Even though iOS 8 superficially looks like its immediate predecessor, there are some new under-the-hood technologies that'll have a huge impact on the way we all use our iOS devices. One of the most significant of these is something Apple calls Extensions.
What are extensions?
Simply put, extensions allow iOS apps to "lend" functionality to one another or to the operating system. Apple is allowing developers to create and distribute extensions whose functionality falls in six distinct areas:
Actions allow you to manipulate content inside another app; for example, you could use an Action to translate a non-English Web page right inside Safari.
Custom Keyboards provide keyboards other than the ones already built into iOS. Third-party app developers could take advantage of this functionality to offer innovative input methods, support unusual languages and scripts, or even offer input mechanisms for specialized applications.
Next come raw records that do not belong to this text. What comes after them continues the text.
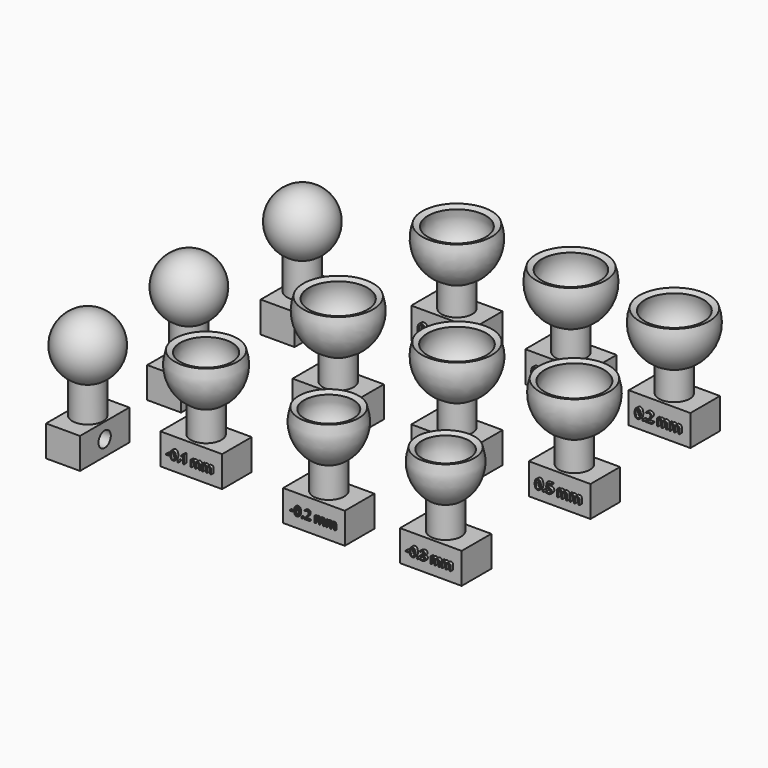
from build123d import *

# Parameters (mm, degrees)
F2_DEPTH      = 5.5
F3_ANGLE      = 90
F9_DEPTH      = 6
F10_TEXT_SIZE = 5.6061667835
F11_DEPTH     = 1
F14_DEPTH     = 6
F15_TEXT_SIZE = 4.2693231344
F16_DEPTH     = 1
F19_DEPTH     = 6
F20_TEXT_SIZE = 4.2693231344
F21_DEPTH     = 1
F24_DEPTH     = 6
F27_DEPTH     = 6
F30_DEPTH     = 6
F33_DEPTH     = 6
F36_DEPTH     = 6
F39_DEPTH     = 6
F40_TEXT_SIZE = 4.2693231344
F41_DEPTH     = 1
F42_TEXT_SIZE = 4.2693231344
F43_DEPTH     = 1
F44_TEXT_SIZE = 4.2693231344
F45_DEPTH     = 1
F46_TEXT_SIZE = 3.9111835404
F47_DEPTH     = 1
F48_TEXT_SIZE = 3.9111835404
F49_DEPTH     = 0.5
F50_TEXT_SIZE = 3.9111835404
F51_DEPTH     = 1
F52_ANGLE     = 90
F53_ANGLE     = 90
F54_ANGLE     = 90
F55_ANGLE     = 90
F56_ANGLE     = 90
F57_ANGLE     = 90
F58_ANGLE     = 90
F59_ANGLE     = 90
F60_ANGLE     = 90
F62_R         = 2.5
F63_DEPTH     = 25


# Not quite as in the source:
# - a feature names something its author has since deleted; it is built from what else it names
# - Text() gives the source's letters only with a copy of the font that has no kerning and outlines rounded to 1/6400 em; it was checked with that copy


with BuildPart() as f1:
    # F0 (on Top) → F1 (revolve)
    with BuildSketch(Plane.XY):
        with BuildLine():
            Line((-43.461524262, 53.6280996922), (-54.8012702242, 53.6280996922))
            Line((-54.8012702242, 53.6280996922), (-54.8012702242, 48.6280996922))
            Line((-54.8012702242, 48.6280996922), (-44.8012702242, 48.6280996922))
            ThreePointArc((-44.8012702242, 48.6280996922), (-44.4605284871, 51.2162901432), (-43.461524262, 53.6280996922))
        make_face()
        with BuildLine():
            ThreePointArc((-24.8012702242, 48.6280996922), (-32.2130797731, 58.2873579551), (-43.461524262, 53.6280996922))
            ThreePointArc((-43.461524262, 53.6280996922), (-44.4605284871, 51.2162901432), (-44.8012702242, 48.6280996922))
            Line((-44.8012702242, 48.6280996922), (-24.8012702242, 48.6280996922))
        make_face()
    revolve(axis=Axis((-34.8012702242, 48.6280996922, 0), (1, 0, 0)))

    # F0 (on Top) → F2 (join, symmetric)
    with BuildSketch(Plane.XY):
        Polygon((-54.8012702242, 53.6280996922), (-54.8012702242, 58.6280996922), (-64.8012702242, 58.6280996922), (-64.8012702242, 38.6280996922), (-54.8012702242, 38.6280996922), (-54.8012702242, 48.6280996922), align=None)
    extrude(amount=F2_DEPTH, both=True)


with BuildPart() as f1_1:
    # F3: moved
    add(f1.part.rotate(Axis((-64.8012702242, 48.6280996922, 0), (0, -1, 0)), F3_ANGLE))


with BuildPart() as f4_1:
    # F4: copy of F1
    add(f1_1.part.moved(Location((0, -20, 0))))


with BuildPart() as f4_1_1:
    # F5: moved
    add(f4_1.part.moved(Location((0, -20, 0))))


with BuildPart() as f6_1:
    # F6: copy of F4_1
    add(f4_1_1.part.moved(Location((0, -40, 0))))


with BuildPart() as f8:
    # F7 (on Top) → F8 (revolve)
    with BuildSketch(Plane.XY):
        with BuildLine():
            Line((-26.2671032548, 72.2231717465), (-26.2671032548, 69.9713155166))
            ThreePointArc((-26.2671032548, 69.9713155166), (-23.8266938469, 69.1493400904), (-21.2671032548, 68.8669614792))
            Line((-21.2671032548, 68.8669614792), (-21.2671032548, 70.8669614792))
            ThreePointArc((-21.2671032548, 70.8669614792), (-23.8564536375, 71.2156546299), (-26.2671032548, 72.2231717465))
        make_face()
        with BuildLine():
            Line((-26.2671032548, 69.9713155166), (-26.2671032548, 60.8669614792))
            Line((-26.2671032548, 60.8669614792), (-21.2671032548, 60.8669614792))
            Line((-21.2671032548, 60.8669614792), (-21.2671032548, 68.8669614792))
            ThreePointArc((-21.2671032548, 68.8669614792), (-23.8266938469, 69.1493400904), (-26.2671032548, 69.9713155166))
        make_face()
        with BuildLine():
            ThreePointArc((-32.5149565787, 84.9712147661), (-32.3161193981, 76.2528882886), (-26.2671032548, 69.9713155166))
            Line((-26.2671032548, 69.9713155166), (-26.2671032548, 72.2231717465))
            ThreePointArc((-26.2671032548, 72.2231717465), (-30.641192092, 77.4622111716), (-30.6355776931, 84.2871767929))
            Line((-30.6355776931, 84.2871767929), (-32.5149565787, 84.9712147661))
        make_face()
    revolve(axis=Axis((-21.2671032548, 65.8669614792, 0), (0, -1, 0)))

    # F7 (on Top) → F9 (join, symmetric)
    with BuildSketch(Plane.XY):
        Polygon((-26.2671032548, 60.8669614792), (-31.2671032548, 60.8669614792), (-31.2671032548, 50.8669614792), (-11.2671032548, 50.8669614792), (-11.2671032548, 60.8669614792), (-21.2671032548, 60.8669614792), align=None)
    extrude(amount=F9_DEPTH, both=True)

    # F10 (on face) → F11 (join)
    with BuildSketch(Plane.XY.offset(6)):
        with Locations((-28.7671032548, 53.3305213951)):
            Text('0 mm', F10_TEXT_SIZE, font='Open Sans', text_align=(TextAlign.LEFT, TextAlign.BOTTOM))
    extrude(amount=F11_DEPTH)


with BuildPart() as f13:
    # F12 (on Top) → F13 (revolve)
    with BuildSketch(Plane.XY):
        with BuildLine():
            ThreePointArc((4.9134033306, 84.3829168971), (5.1235516854, 75.6032002447), (11.2366994111, 69.2978840978))
            Line((11.2366994111, 69.2978840978), (11.2366994111, 71.5436328993))
            ThreePointArc((11.2366994111, 71.5436328993), (6.7977308498, 76.810723188), (6.7927885722, 83.6988766105))
            Line((6.7927885722, 83.6988766105), (4.9134033306, 84.3829168971))
        make_face()
        with BuildLine():
            Line((11.2366994111, 71.5436328993), (11.2366994111, 69.2978840978))
            ThreePointArc((11.2366994111, 69.2978840978), (13.678376266, 68.4862829768), (16.2366994111, 68.21157417))
            Line((16.2366994111, 68.21157417), (16.2366994111, 70.21157417))
            ThreePointArc((16.2366994111, 70.21157417), (13.6495010973, 70.5502969685), (11.2366994111, 71.5436328993))
        make_face()
        with BuildLine():
            Line((11.2366994111, 69.2978840978), (11.2366994111, 60.21157417))
            Line((11.2366994111, 60.21157417), (16.2366994111, 60.21157417))
            Line((16.2366994111, 60.21157417), (16.2366994111, 68.21157417))
            ThreePointArc((16.2366994111, 68.21157417), (13.678376266, 68.4862829768), (11.2366994111, 69.2978840978))
        make_face()
    revolve(axis=Axis((16.2366994111, 65.21157417, 0), (0, -1, 0)))

    # F12 (on Top) → F14 (join, symmetric)
    with BuildSketch(Plane.XY):
        Polygon((11.2366994111, 60.21157417), (6.2366994111, 60.21157417), (6.2366994111, 50.21157417), (26.2366994111, 50.21157417), (26.2366994111, 60.21157417), (16.2366994111, 60.21157417), align=None)
    extrude(amount=F14_DEPTH, both=True)

    # F15 (on face) → F16 (join)
    with BuildSketch(Plane.XY.offset(6)):
        with Locations((8.7366994111, 53.6376615133)):
            Text('0.1 mm', F15_TEXT_SIZE, font='Open Sans', text_align=(TextAlign.LEFT, TextAlign.BOTTOM))
    extrude(amount=F16_DEPTH)


with BuildPart() as f18:
    # F17 (on Top) → F18 (revolve)
    with BuildSketch(Plane.XY):
        with BuildLine():
            ThreePointArc((39.4089849459, 83.2271552801), (39.6442198767, 74.4699640229), (45.7482646406, 68.186304921))
            Line((45.7482646406, 68.186304921), (45.7482646406, 70.3244608214))
            ThreePointArc((45.7482646406, 70.3244608214), (41.2672648819, 75.6185235261), (41.2573691706, 82.5543984408))
            Line((41.2573691706, 82.5543984408), (39.4089849459, 83.2271552801))
        make_face()
        with BuildLine():
            Line((45.7482646406, 70.3244608214), (45.7482646406, 68.186304921))
            ThreePointArc((45.7482646406, 68.186304921), (48.1899414955, 67.3747038), (50.7482646406, 67.0999949932))
            Line((50.7482646406, 67.0999949932), (50.7482646406, 68.9999949932))
            ThreePointArc((50.7482646406, 68.9999949932), (48.1620410554, 69.3367246616), (45.7482646406, 70.3244608214))
        make_face()
        with BuildLine():
            Line((45.7482646406, 68.186304921), (45.7482646406, 58.9999949932))
            Line((45.7482646406, 58.9999949932), (50.7482646406, 58.9999949932))
            Line((50.7482646406, 58.9999949932), (50.7482646406, 67.0999949932))
            ThreePointArc((50.7482646406, 67.0999949932), (48.1899414955, 67.3747038), (45.7482646406, 68.186304921))
        make_face()
    revolve(axis=Axis((50.7482646406, 63.9999949932, 0), (0, -1, 0)))

    # F17 (on Top) → F19 (join, symmetric)
    with BuildSketch(Plane.XY):
        Polygon((45.7482646406, 58.9999949932), (40.7482646406, 58.9999949932), (40.7482646406, 48.9999949932), (60.7482646406, 48.9999949932), (60.7482646406, 58.9999949932), (50.7482646406, 58.9999949932), align=None)
    extrude(amount=F19_DEPTH, both=True)

    # F20 (on face) → F21 (join)
    with BuildSketch(Plane.XY.offset(6)):
        with Locations((43.2482646406, 52.4260823364)):
            Text('0.2 mm', F20_TEXT_SIZE, font='Open Sans', text_align=(TextAlign.LEFT, TextAlign.BOTTOM))
    extrude(amount=F21_DEPTH)


with BuildPart() as f23:
    # F22 (on Top) → F23 (revolve)
    with BuildSketch(Plane.XY):
        with BuildLine():
            ThreePointArc((-31.0499881043, 35.0884500089), (-30.7903842517, 26.3658548556), (-24.7107084095, 20.1057748222))
            Line((-24.7107084095, 20.1057748222), (-24.7107084095, 22.1282551359))
            ThreePointArc((-24.7107084095, 22.1282551359), (-29.2337283985, 27.4492261847), (-29.2485885105, 34.4327941768))
            Line((-29.2485885105, 34.4327941768), (-31.0499881043, 35.0884500089))
        make_face()
        with BuildLine():
            Line((-24.7107084095, 22.1282551359), (-24.7107084095, 20.1057748222))
            ThreePointArc((-24.7107084095, 20.1057748222), (-22.2694894571, 19.29000613), (-19.7107084095, 19.0113161888))
            Line((-19.7107084095, 19.0113161888), (-19.7107084095, 20.811289722))
            ThreePointArc((-19.7107084095, 20.811289722), (-22.2959742518, 21.1460515423), (-24.7107084095, 22.1282551359))
        make_face()
        with BuildLine():
            Line((-24.7107084095, 20.1057748222), (-24.7107084095, 10.811289722))
            Line((-24.7107084095, 10.811289722), (-19.7107084095, 10.811289722))
            Line((-19.7107084095, 10.811289722), (-19.7107084095, 19.0113161888))
            ThreePointArc((-19.7107084095, 19.0113161888), (-22.2694894571, 19.29000613), (-24.7107084095, 20.1057748222))
        make_face()
    revolve(axis=Axis((-19.7107084095, 30.961289722, 0), (0, 1, 0)))

    # F22 (on Top) → F24 (join, symmetric)
    with BuildSketch(Plane.XY):
        Polygon((-24.7107084095, 10.811289722), (-29.7107084095, 10.811289722), (-29.7107084095, 0.811289722), (-9.7107084095, 0.811289722), (-9.7107084095, 10.811289722), (-19.7107084095, 10.811289722), align=None)
    extrude(amount=F24_DEPTH, both=True)

    # F40 (on face) → F41 (join)
    with BuildSketch(Plane.XY.offset(6)):
        with Locations((-27.2107084095, 4.2373770653)):
            Text('0.3 mm', F40_TEXT_SIZE, font='Open Sans', text_align=(TextAlign.LEFT, TextAlign.BOTTOM))
    extrude(amount=F41_DEPTH)


with BuildPart() as f26:
    # F25 (on Top) → F26 (revolve)
    with BuildSketch(Plane.XY):
        with BuildLine():
            Line((14.4538154081, 19.4026113482), (14.4538154081, 10))
            Line((14.4538154081, 10), (19.4538154081, 10))
            Line((19.4538154081, 10), (19.4538154081, 18.3001044554))
            ThreePointArc((19.4538154081, 18.3001044554), (16.8945816598, 18.5827258024), (14.4538154081, 19.4026113482))
        make_face()
        with BuildLine():
            Line((14.4538154081, 21.3095556916), (14.4538154081, 19.4026113482))
            ThreePointArc((14.4538154081, 19.4026113482), (16.8945816598, 18.5827258024), (19.4538154081, 18.3001044554))
            Line((19.4538154081, 18.3001044554), (19.4538154081, 20))
            ThreePointArc((19.4538154081, 20), (16.8694907327, 20.3328187423), (14.4538154081, 21.3095556916))
        make_face()
        with BuildLine():
            ThreePointArc((8.1145357133, 34.3271602869), (8.3983286425, 25.6391073471), (14.4538154081, 19.4026113482))
            Line((14.4538154081, 19.4026113482), (14.4538154081, 21.3095556916))
            ThreePointArc((14.4538154081, 21.3095556916), (9.8887859718, 26.6573721783), (9.868950676, 33.6886054619))
            Line((9.868950676, 33.6886054619), (8.1145357133, 34.3271602869))
        make_face()
    revolve(axis=Axis((19.4538154081, 30.2, 0), (0, 1, 0)))

    # F25 (on Top) → F27 (join, symmetric)
    with BuildSketch(Plane.XY):
        Polygon((14.4538154081, 10), (9.4538154081, 10), (9.4538154081, 0), (29.4538154081, 0), (29.4538154081, 10), (19.4538154081, 10), align=None)
    extrude(amount=F27_DEPTH, both=True)

    # F42 (on face) → F43 (join)
    with BuildSketch(Plane.XY.offset(6)):
        with Locations((11.9538154081, 3.4260873432)):
            Text('0.4 mm', F42_TEXT_SIZE, font='Open Sans', text_align=(TextAlign.LEFT, TextAlign.BOTTOM))
    extrude(amount=F43_DEPTH)


with BuildPart() as f29:
    # F28 (on Top) → F29 (revolve)
    with BuildSketch(Plane.XY):
        with BuildLine():
            ThreePointArc((43.9607159959, 37.1771599542), (44.2685189687, 28.5235943747), (50.2999956906, 22.3106861616))
            Line((50.2999956906, 22.3106861616), (50.2999956906, 24.1022345832))
            ThreePointArc((50.2999956906, 24.1022345832), (45.6929674104, 29.4768347365), (45.6681463275, 36.5557061364))
            Line((45.6681463275, 36.5557061364), (43.9607159959, 37.1771599542))
        make_face()
        with BuildLine():
            Line((50.2999956906, 24.1022345832), (50.2999956906, 22.3106861616))
            ThreePointArc((50.2999956906, 22.3106861616), (52.7403144618, 21.4867345484), (55.2999956906, 21.2002315413))
            Line((55.2999956906, 21.2002315413), (55.2999956906, 22.7999996673))
            ThreePointArc((55.2999956906, 22.7999996673), (52.7165960033, 23.1308996045), (50.2999956906, 24.1022345832))
        make_face()
        with BuildLine():
            Line((50.2999956906, 22.3106861616), (50.2999956906, 12.7999996673))
            Line((50.2999956906, 12.7999996673), (55.2999956906, 12.7999996673))
            Line((55.2999956906, 12.7999996673), (55.2999956906, 21.2002315413))
            ThreePointArc((55.2999956906, 21.2002315413), (52.7403144618, 21.4867345484), (50.2999956906, 22.3106861616))
        make_face()
    revolve(axis=Axis((55.2999956906, 33.0499996673, 0), (0, 1, 0)))

    # F28 (on Top) → F30 (join, symmetric)
    with BuildSketch(Plane.XY):
        Polygon((50.2999956906, 12.7999996673), (45.2999956906, 12.7999996673), (45.2999956906, 2.7999996673), (65.2999956906, 2.7999996673), (65.2999956906, 12.7999996673), (55.2999956906, 12.7999996673), align=None)
    extrude(amount=F30_DEPTH, both=True)

    # F44 (on face) → F45 (join)
    with BuildSketch(Plane.XY.offset(6)):
        with Locations((47.7999956906, 6.2260870106)):
            Text('0.5 mm', F44_TEXT_SIZE, font='Open Sans', text_align=(TextAlign.LEFT, TextAlign.BOTTOM))
    extrude(amount=F45_DEPTH)


with BuildPart() as f32:
    # F31 (on Top) → F32 (revolve)
    with BuildSketch(Plane.XY):
        with BuildLine():
            ThreePointArc((-33.7581096791, -13.9064893473), (-33.7600743796, -22.0481190748), (-28.5653088987, -28.3171341552))
            Line((-28.5653088987, -28.3171341552), (-28.5653088987, -25.9807123348))
            ThreePointArc((-28.5653088987, -25.9807123348), (-32.1510040666, -20.8315979833), (-31.9631177619, -14.5598129759))
            Line((-31.9631177619, -14.5598129759), (-33.7581096791, -13.9064893473))
        make_face()
        with BuildLine():
            Line((-28.5653088987, -25.9807123348), (-28.5653088987, -28.3171341552))
            ThreePointArc((-28.5653088987, -28.3171341552), (-26.1546595996, -29.4005699565), (-23.5653088987, -29.9300282896))
            Line((-23.5653088987, -29.9300282896), (-23.5653088987, -27.9300282896))
            ThreePointArc((-23.5653088987, -27.9300282896), (-26.1985145304, -27.2970430702), (-28.5653088987, -25.9807123348))
        make_face()
        with BuildLine():
            Line((-28.5653088987, -28.3171341552), (-28.5653088987, -37.9300282896))
            Line((-28.5653088987, -37.9300282896), (-23.5653088987, -37.9300282896))
            Line((-23.5653088987, -37.9300282896), (-23.5653088987, -29.9300282896))
            ThreePointArc((-23.5653088987, -29.9300282896), (-26.1546595996, -29.4005699565), (-28.5653088987, -28.3171341552))
        make_face()
    revolve(axis=Axis((-23.5653088987, -17.9800282896, 0), (0, 1, 0)))

    # F31 (on Top) → F33 (join, symmetric)
    with BuildSketch(Plane.XY):
        Polygon((-28.5653088987, -37.9300282896), (-33.5653088987, -37.9300282896), (-33.5653088987, -47.9300282896), (-13.5653088987, -47.9300282896), (-13.5653088987, -37.9300282896), (-23.5653088987, -37.9300282896), align=None)
    extrude(amount=F33_DEPTH, both=True)

    # F46 (on face) → F47 (join)
    with BuildSketch(Plane.XY.offset(6)):
        with Locations((-31.0653088987, -44.2460804387)):
            Text('-0.1 mm', F46_TEXT_SIZE, font='Open Sans', text_align=(TextAlign.LEFT, TextAlign.BOTTOM))
    extrude(amount=F47_DEPTH)


with BuildPart() as f35:
    # F34 (on Top) → F35 (revolve)
    with BuildSketch(Plane.XY):
        with BuildLine():
            ThreePointArc((6.1541429183, -13.5675617442), (6.0716660225, -21.4519506164), (10.900000222, -27.6855353944))
            Line((10.900000222, -27.6855353944), (10.900000222, -25.3029703915))
            ThreePointArc((10.900000222, -25.3029703915), (7.6545291294, -20.2271817321), (7.9139971371, -14.2080962965))
            Line((7.9139971371, -14.2080962965), (6.1541429183, -13.5675617442))
        make_face()
        with BuildLine():
            Line((10.900000222, -25.3029703915), (10.900000222, -27.6855353944))
            ThreePointArc((10.900000222, -27.6855353944), (13.296418865, -28.8879705339), (15.900000222, -29.5283116102))
            Line((15.900000222, -29.5283116102), (15.900000222, -27.5283116102))
            ThreePointArc((15.900000222, -27.5283116102), (13.2448018857, -26.7643478306), (10.900000222, -25.3029703915))
        make_face()
        with BuildLine():
            Line((10.900000222, -27.6855353944), (10.900000222, -37.5283116102))
            Line((10.900000222, -37.5283116102), (15.900000222, -37.5283116102))
            Line((15.900000222, -37.5283116102), (15.900000222, -29.5283116102))
            ThreePointArc((15.900000222, -29.5283116102), (13.296418865, -28.8879705339), (10.900000222, -27.6855353944))
        make_face()
    revolve(axis=Axis((15.900000222, -17.6283116102, 0), (0, 1, 0)))

    # F34 (on Top) → F36 (join, symmetric)
    with BuildSketch(Plane.XY):
        Polygon((10.900000222, -37.5283116102), (5.900000222, -37.5283116102), (5.900000222, -47.5283116102), (25.900000222, -47.5283116102), (25.900000222, -37.5283116102), (15.900000222, -37.5283116102), align=None)
    extrude(amount=F36_DEPTH, both=True)

    # F48 (on face) → F49 (join, symmetric)
    with BuildSketch(Plane.XY.offset(6)):
        with Locations((8.400000222, -43.8443637593)):
            Text('-0.2 mm', F48_TEXT_SIZE, font='Open Sans', text_align=(TextAlign.LEFT, TextAlign.BOTTOM))
    extrude(amount=F49_DEPTH, both=True)


with BuildPart() as f38:
    # F37 (on Top) → F38 (revolve)
    with BuildSketch(Plane.XY):
        with BuildLine():
            ThreePointArc((43.3407339979, -12.3121087052), (43.1986700002, -19.9934636564), (47.7447110415, -26.1867589761))
            Line((47.7447110415, -26.1867589761), (47.7447110415, -23.7633269899))
            ThreePointArc((47.7447110415, -23.7633269899), (44.7619007383, -18.7596965439), (45.073525268, -12.9427931497))
            Line((45.073525268, -12.9427931497), (43.3407339979, -12.3121087052))
        make_face()
        with BuildLine():
            Line((47.7447110415, -23.7633269899), (47.7447110415, -26.1867589761))
            ThreePointArc((47.7447110415, -26.1867589761), (50.1293650154, -27.4845130973), (52.7447110415, -28.2130084634))
            Line((52.7447110415, -28.2130084634), (52.7447110415, -26.2130084634))
            ThreePointArc((52.7447110415, -26.2130084634), (50.0707806037, -25.3431739583), (47.7447110415, -23.7633269899))
        make_face()
        with BuildLine():
            Line((47.7447110415, -26.1867589761), (47.7447110415, -36.2130084634))
            Line((47.7447110415, -36.2130084634), (52.7447110415, -36.2130084634))
            Line((52.7447110415, -36.2130084634), (52.7447110415, -28.2130084634))
            ThreePointArc((52.7447110415, -28.2130084634), (50.1293650154, -27.4845130973), (47.7447110415, -26.1867589761))
        make_face()
    revolve(axis=Axis((52.7447110415, -16.3630084634, 0), (0, 1, 0)))

    # F37 (on Top) → F39 (join, symmetric)
    with BuildSketch(Plane.XY):
        Polygon((47.7447110415, -36.2130084634), (42.7447110415, -36.2130084634), (42.7447110415, -46.2130084634), (62.7447110415, -46.2130084634), (62.7447110415, -36.2130084634), (52.7447110415, -36.2130084634), align=None)
    extrude(amount=F39_DEPTH, both=True)

    # F50 (on face) → F51 (join)
    with BuildSketch(Plane.XY.offset(6)):
        with Locations((45.2447110415, -42.5290606125)):
            Text('-0.3 mm', F50_TEXT_SIZE, font='Open Sans', text_align=(TextAlign.LEFT, TextAlign.BOTTOM))
    extrude(amount=F51_DEPTH)


with BuildPart() as f8_1:
    # F52: moved
    add(f8.part.rotate(Axis((-21.2671032548, 50.8669614792, 6), (1, 0, 0)), F52_ANGLE))


with BuildPart() as f13_1:
    # F53: moved
    add(f13.part.rotate(Axis((16.2366994111, 50.21157417, 6), (1, 0, 0)), F53_ANGLE))


with BuildPart() as f18_1:
    # F54: moved
    add(f18.part.rotate(Axis((50.7482646406, 48.9999949932, 6), (1, 0, 0)), F54_ANGLE))


with BuildPart() as f23_1:
    # F55: moved
    add(f23.part.rotate(Axis((-19.7107084095, 0.811289722, 6), (1, 0, 0)), F55_ANGLE))


with BuildPart() as f26_1:
    # F56: moved
    add(f26.part.rotate(Axis((19.4538154081, 0, 6), (1, 0, 0)), F56_ANGLE))


with BuildPart() as f29_1:
    # F57: moved
    add(f29.part.rotate(Axis((55.2999956906, 2.7999996673, 6), (1, 0, 0)), F57_ANGLE))


with BuildPart() as f32_1:
    # F58: moved
    add(f32.part.rotate(Axis((-23.5653088987, -47.9300282896, 6), (1, 0, 0)), F58_ANGLE))


with BuildPart() as f35_1:
    # F59: moved
    add(f35.part.rotate(Axis((15.900000222, -47.5283116102, 6), (1, 0, 0)), F59_ANGLE))


with BuildPart() as f38_1:
    # F60: moved
    add(f38.part.rotate(Axis((52.7447110415, -46.2130084634, 6), (1, 0, 0)), F60_ANGLE))


with BuildPart() as f32_2:
    # F61: moved
    add(f32_1.part.moved(Location((0, 0, 3.5))))


with BuildPart() as f1_2:
    add(f1_1.part)

    # F62 (on face) → F63 (cut)
    with BuildSketch(Plane(origin=(-70.3012702242, 0, 0), x_dir=(0, -1, 0), z_dir=(-1, 0, 0))):
        with Locations((-48.6280996922, 5)):
            Circle(F62_R)
    extrude(amount=-F63_DEPTH, mode=Mode.SUBTRACT)


with BuildPart() as f65_1:
    # F65: copy of F1
    add(f1_2.part.moved(Location((0, -46, 0))))


with BuildPart() as f66_1:
    # F66: copy of F65_1
    add(f65_1.part.moved(Location((0, -41, 0))))


solid = Compound([f8_1.part, f13_1.part, f18_1.part, f23_1.part, f26_1.part, f29_1.part, f35_1.part, f38_1.part, f32_2.part, f1_2.part, f65_1.part, f66_1.part])

Document Providers enable apps to save and retrieve documents from a variety of services, such as cloud-storage providers and network disks.
Photo Editing extensions can be used to manipulate photos and videos — everything from providing a filters to the host app to offering full-blown editing services without having to move your content from one program to another by saving it in your Photo Album first.
Sharing extensions expand iOS's ability to share data with external services such as social networks or cloud-storage websites. The functionality they offer is similar to Document Providers, but the process is one-way: The app can export data through a sharing extension, but not load from it.
Today widgets provide interactive functionality that can be accessed from the panel you slide down from the top of your iPhone and iPad's screen, giving you immediate access to data, such as a status report from your smart thermostat or a handy calculator.
Who can use extensions?
Any device that can run iOS 8 is also capable of supporting extensions. But an individual extension's ability to work on your device depends on a number of factors, such as whether its developer decides to support the appropriate form factor, or whether the code behind the extension depends on some hardware feature that is only available in newer iPhone and iPad models — such as, say, Touch ID.
Once OS X Yosemite launches later this fall, extensions will also be available to Mac users, although under slightly different rules and conditions.
What's the big deal? I could do most of this stuff before!
While some of this functionality, such as custom keyboards, makes its debut on iOS 8, the ability to export and share data is not new, and was widely available in previous versions of the operating system. What has changed is the way in which this functionality is made available from one app to the other.